冷房ないフランス、暑い日は「窓・雨戸を閉める」!? 驚きのしのぎ方

レンヌ、7月1日|Jeremias Gonzalez / AP Photo

 年々暑さが厳しくなるヨーロッパの夏。日本ほど湿度は高くないとはいえ、気温が30度を超えればやはり堪える。しかもクーラーのない家庭が多いため、身体を冷やすのもひと苦労だ。実際、2021年の統計によれば、フランスにおけるクーラーの普及率はわずか26%。では、フランスの人々はどうやってこの暑さをしのいでいるのだろうか。

◆クーラー購入台数の増加
 今世紀に入ってから「猛暑」はもはや珍しいものではなくなり、フランスでは年々クーラーの購入台数が増えている。たとえば2020年には、それまで年間約35万台だった購入数が、一気に80万台を超えたという。

 ウェスト・フランス紙によれば、全体のクーラー普及率も、2015年には11%だったのが、2021年には26%へと大きく伸びた。2021年に行われた調査では、対象となった家庭の4分の1が「2年以内に購入したい」と答えており、現在はさらに普及が進んでいる可能性が高い。

◆医療機関すら過半数はクーラーなし
 エプシローン誌によれば、施設ごとのクーラー設置率は、2020年時点でオフィスが64%、商業施設が55%。数字上は半数を超えているように見えるが、実際には公務員として働く筆者の義妹の職場にも、国際企業に勤める友人のオフィスにもクーラーはなく、筆者が住むフランス北部では、クーラーのない職場は珍しくないのが実情だ。

 カフェやホテル、レストランに目を向けても、クーラーを備えた施設は全体の46%にとどまる。驚くべきことに、医療機関ですら設置率はわずか41%。交通機関にいたっては14%とさらに低く、夏にパリを訪れた人は、地下鉄の熱気に驚いたかもしれない。筆者はふだんトラム(路面電車)をよく利用しているが、クーラーはなく、ガラス張りの車両の窓も開かない構造で、夏はまるで動く熱帯植物園のようになる。学校に至っては、クーラーの設置率はわずか7%に過ぎない。

◆基本の暑さ対策は「閉める」こと
 では、エアコンがあまり普及していないこの国では、どのように暑さをしのいでいるのだろうか? まず、建物内での基本的な対策は、窓や雨戸をしっかり閉め切ること。ヨーロッパの建物は日本の家屋に比べて壁が厚く、室温を保ちやすいため、この「閉める」が有効なのだ。もちろん、ずっと締め切ったままではなく、気温の下がる時間帯に窓を開けて空気を入れ替える必要がある。

 そして、1日のうちでいちばん涼しくなるのはいつか。結論から言えば、それは朝だ。フランスは日本でいえば北海道よりも北に位置しており、夏至の時期には日がとても長い。筆者が住む北フランスでは、日没が夜10時を過ぎることも珍しくない。そのため、日本なら夜と感じる20時ごろでも、空は明るく、気温もまだ高いままだ。

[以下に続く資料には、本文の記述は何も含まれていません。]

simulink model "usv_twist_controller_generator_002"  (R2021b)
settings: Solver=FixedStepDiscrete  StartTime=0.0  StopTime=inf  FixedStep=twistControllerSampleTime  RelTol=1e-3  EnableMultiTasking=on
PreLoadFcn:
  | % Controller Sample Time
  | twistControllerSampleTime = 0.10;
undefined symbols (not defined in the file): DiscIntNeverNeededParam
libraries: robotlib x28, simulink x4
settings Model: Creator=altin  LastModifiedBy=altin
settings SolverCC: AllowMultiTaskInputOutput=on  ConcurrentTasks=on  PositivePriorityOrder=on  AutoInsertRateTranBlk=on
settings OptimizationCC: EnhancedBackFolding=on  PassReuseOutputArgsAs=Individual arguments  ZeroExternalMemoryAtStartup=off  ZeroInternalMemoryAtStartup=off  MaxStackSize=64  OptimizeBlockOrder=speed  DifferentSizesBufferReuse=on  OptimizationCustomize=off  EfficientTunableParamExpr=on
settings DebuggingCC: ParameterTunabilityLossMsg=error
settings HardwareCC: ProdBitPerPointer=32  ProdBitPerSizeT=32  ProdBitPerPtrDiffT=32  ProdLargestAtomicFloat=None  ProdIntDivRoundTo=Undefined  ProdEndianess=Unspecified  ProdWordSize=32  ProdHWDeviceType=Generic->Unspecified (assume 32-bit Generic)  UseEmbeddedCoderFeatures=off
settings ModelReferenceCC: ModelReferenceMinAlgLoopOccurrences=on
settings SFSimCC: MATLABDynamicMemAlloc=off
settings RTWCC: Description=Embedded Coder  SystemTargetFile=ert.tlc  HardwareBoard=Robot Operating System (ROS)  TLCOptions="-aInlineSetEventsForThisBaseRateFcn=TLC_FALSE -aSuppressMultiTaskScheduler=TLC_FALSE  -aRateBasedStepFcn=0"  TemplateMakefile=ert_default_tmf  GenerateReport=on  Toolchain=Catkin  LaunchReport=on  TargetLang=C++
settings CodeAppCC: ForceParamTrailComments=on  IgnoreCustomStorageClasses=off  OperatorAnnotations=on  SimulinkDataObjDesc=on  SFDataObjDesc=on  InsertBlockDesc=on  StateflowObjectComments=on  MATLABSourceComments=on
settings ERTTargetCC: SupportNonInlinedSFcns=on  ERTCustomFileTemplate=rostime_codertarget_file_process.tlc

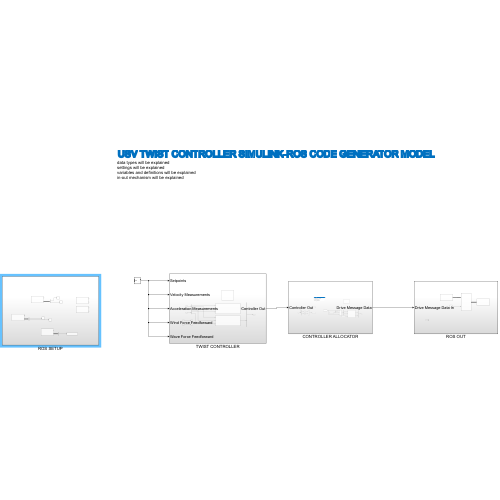
[thumbnail: Simulink's stored preview of the top-level diagram]
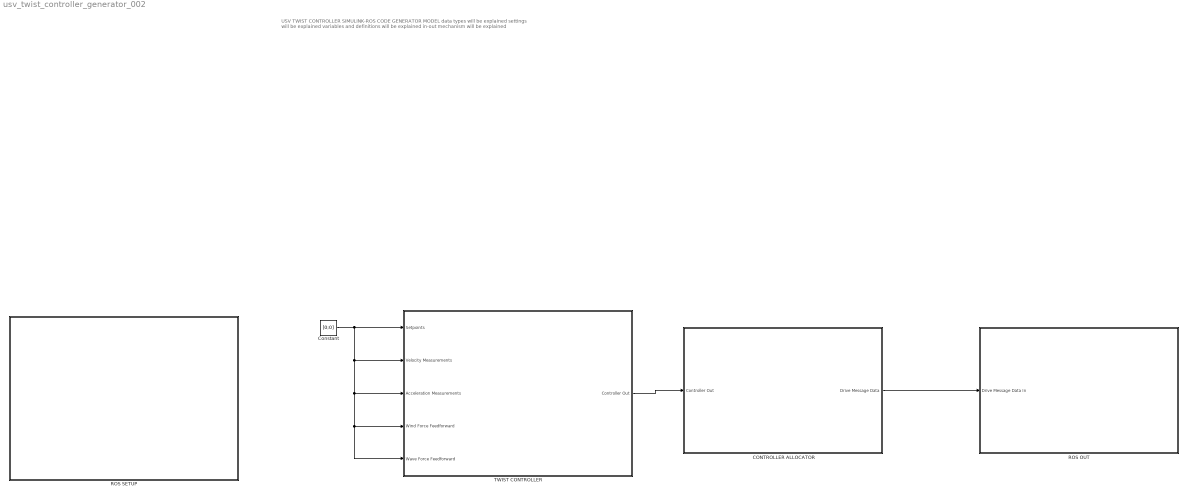
== system usv_twist_controller_generator_002 ==
  note: USV TWIST CONTROLLER SIMULINK-ROS CODE GENERATOR MODEL
      | data types will be explained
      | settings will be explained
      | variables and definitions will be explained
      | in-out mechanism will be explained
  CONTROLLER ALLOCATOR : Subsystem
  Constant : Constant  Value=[0;0]
  ROS OUT : Subsystem
  ROS SETUP : Subsystem
  TWIST CONTROLLER : Subsystem
  wires:
  TWIST CONTROLLER/1(Controller Out) -> CONTROLLER ALLOCATOR/1(Controller Out)
  CONTROLLER ALLOCATOR/1(Drive Message Data) -> ROS OUT/1(Drive Message Data In)
  Constant/1 -> TWIST CONTROLLER/1(Setpoints), TWIST CONTROLLER/2(Velocity Measurements), TWIST CONTROLLER/4(Wind Force Feedforward), TWIST CONTROLLER/5(Wave Force Feedforward), TWIST CONTROLLER/3(Acceleration Measurements)

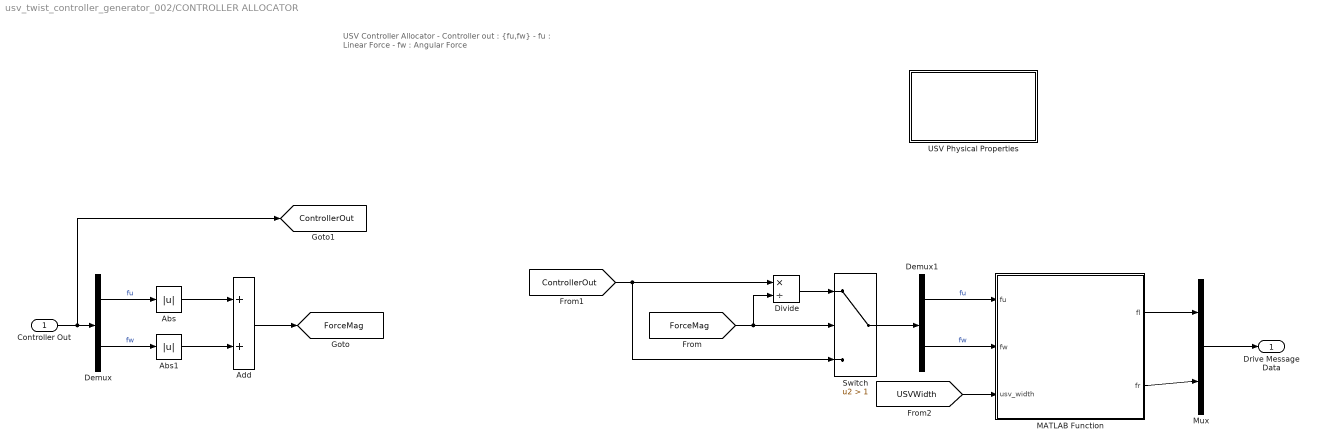
== system usv_twist_controller_generator_002/CONTROLLER ALLOCATOR ==
  note: USV Controller Allocator
      | - Controller out : {fu,fw}
      | - fu : Linear Force
      | - fw : Angular Force
  Controller Out : Inport
  Abs : Abs
  Abs1 : Abs
  Add : Sum
  Demux : Demux  Outputs=2
  Demux1 : Demux  Outputs=2
  Divide : Product  Inputs=*/
  MATLAB Function : MATLAB Function  TreatAsAtomicUnit=on
  Mux : Mux  Inputs=2
  Switch : Switch  Criteria=u2 > Threshold  Threshold=1
  USV Physical Properties : Subsystem
  Drive Message Data : Outport
  tag scope: ControllerOut=global, ForceMag=global
  wires:
  Controller Out/1 -> [ControllerOut], Demux/1
  Demux/1 -> Abs/1  "fu"
  Demux/2 -> Abs1/1  "fw"
  Abs1/1 -> Add/2
  Abs/1 -> Add/1
  Add/1 -> [ForceMag]
  [ForceMag] -> Divide/2, Switch/2
  [ControllerOut] -> Switch/3, Divide/1
  Divide/1 -> Switch/1
  Switch/1 -> Demux1/1
  [USVWidth] -> MATLAB Function/3(usv_width)
  Demux1/1 -> MATLAB Function/1(fu)  "fu"
  Demux1/2 -> MATLAB Function/2(fw)  "fw"
  MATLAB Function/1(fl) -> Mux/1
  MATLAB Function/2(fr) -> Mux/2
  Mux/1 -> Drive Message Data/1

== system usv_twist_controller_generator_002/ROS OUT ==
  Drive Message Data In : Inport
  Bus Assignment : BusAssignment  AssignedSignals=Data
  Constant : Constant  OutDataTypeStr=int32
  Motor Drive Message : robotlib/Blank Message  messageClass=Message  entityType=std_msgs/Int32  messageType=std_msgs/Int32  SampleTime=inf  legacyBusStruct=off
  USV Drive Topic : robotlib/Publish  topicSource=Specify your own  topic=/chatter2  messageType=std_msgs/Int32  legacyBusStruct=off  messageQueueLength=1
  wires:
  Motor Drive Message/1 -> Bus Assignment/1
  Constant/1 -> Bus Assignment/2
  Bus Assignment/1 -> USV Drive Topic/1

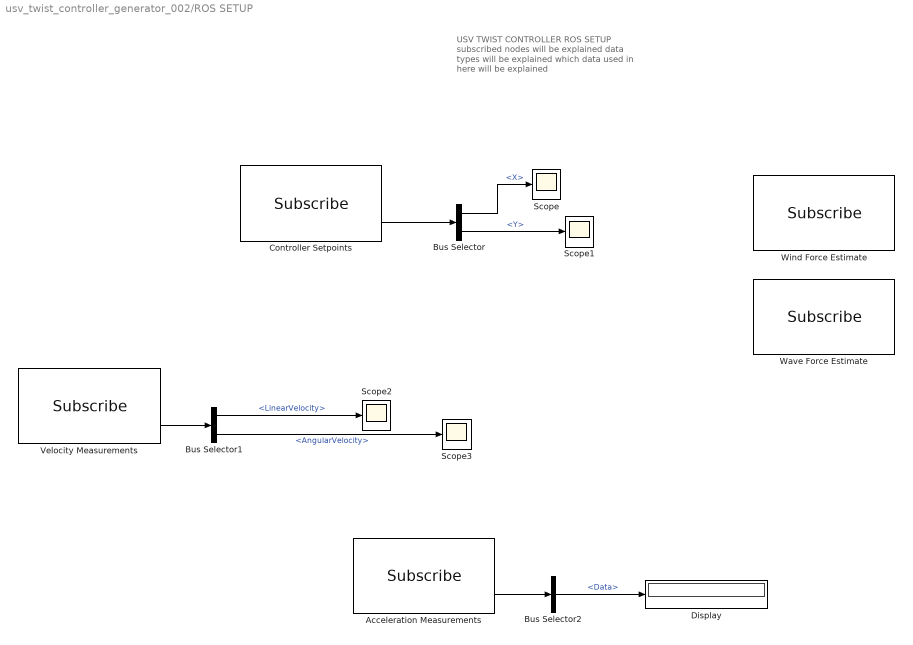
== system usv_twist_controller_generator_002/ROS SETUP ==
  note: USV TWIST CONTROLLER ROS SETUP
      | subscribed nodes will be explained
      | data types will be explained
      | which data used in here will be explained
  Acceleration Measurements : robotlib/Subscribe  topicSource=Select from ROS network  topic=/chatter  messageType=std_msgs/Int32  SampleTime=-1  legacyBusStruct=off  messageQueueLength=1
  Bus Selector : BusSelector  OutputSignals=X,Y
  Bus Selector1 : BusSelector  OutputSignals=LinearVelocity,AngularVelocity
  Bus Selector2 : BusSelector  OutputSignals=Data
  Controller Setpoints : robotlib/Subscribe  topicSource=Specify your own  topic=/gx5/nav/odom  messageType=geometry_msgs/Point  SampleTime=-1  legacyBusStruct=off  messageQueueLength=1
  Display : Display
  Scope{,1..3} (4 alike) : Scope
  Velocity Measurements : robotlib/Subscribe  topicSource=Select from ROS network  topic=/turtle1/pose  messageType=turtlesim/Pose  SampleTime=-1  legacyBusStruct=off  messageQueueLength=1
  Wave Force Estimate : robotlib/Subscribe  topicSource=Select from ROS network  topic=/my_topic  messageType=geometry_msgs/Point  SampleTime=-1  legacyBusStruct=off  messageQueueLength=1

 この「閉めてしのぐ」暑さ対策は、筆者の経験ではフランスだけでなく、スペインやイタリアでも共通している。ただし、個人的にはこの方法で快適に過ごせるのはせいぜい気温が30度台前半まで。また、下の階ならまだしも、熱がこもりやすい上層階では、あまり効果がないと感じることもある。

◆欧州ならではの「涼」を求めて
 フランス政府は、猛暑に対応するための「SOSコール」専用番号を設け、熱中症対策や個別の相談に応じている。もしすでに家の中の気温が上がりすぎている場合は、「エアコンのあるショッピングセンター、図書館、映画館、美術館、市民プールなどに出かけるように」と呼びかけている。(フランス・アンフォ

 こうした場所に加え、ヨーロッパならではの「涼を取れるスポット」もある。たとえば、教会や大聖堂、古城などの石造りの建物は、天井が高く、分厚い石壁のおかげで気温の変化が少なく、夏でもひんやりと感じられる。また、公園や庭園にも、背の高い木々が生い茂るエリアが多く、いくぶん心地よく感じられる。

◆自治体による対策
 フランス各地の自治体では、2017年以降、猛暑への備えとしてさまざまな対策を講じている。エアコンを備えた市営施設がある場合は、気温のレベルに応じてそれらを開放する措置も取られている。

 たとえば南部の港町マルセイユでは、猛暑を受けて市民プールの無料開放を実施したほか、ビーチへのアクセス時間や公園・庭園の開園時間を延長する対応を決めた(フランス・アンフォ)。

 さらに、局地的に最高気温が41度に達すると見込まれている7月1日には、全国の約4万5000校のうち1896校が休校を決定している(フランス・アンフォ)。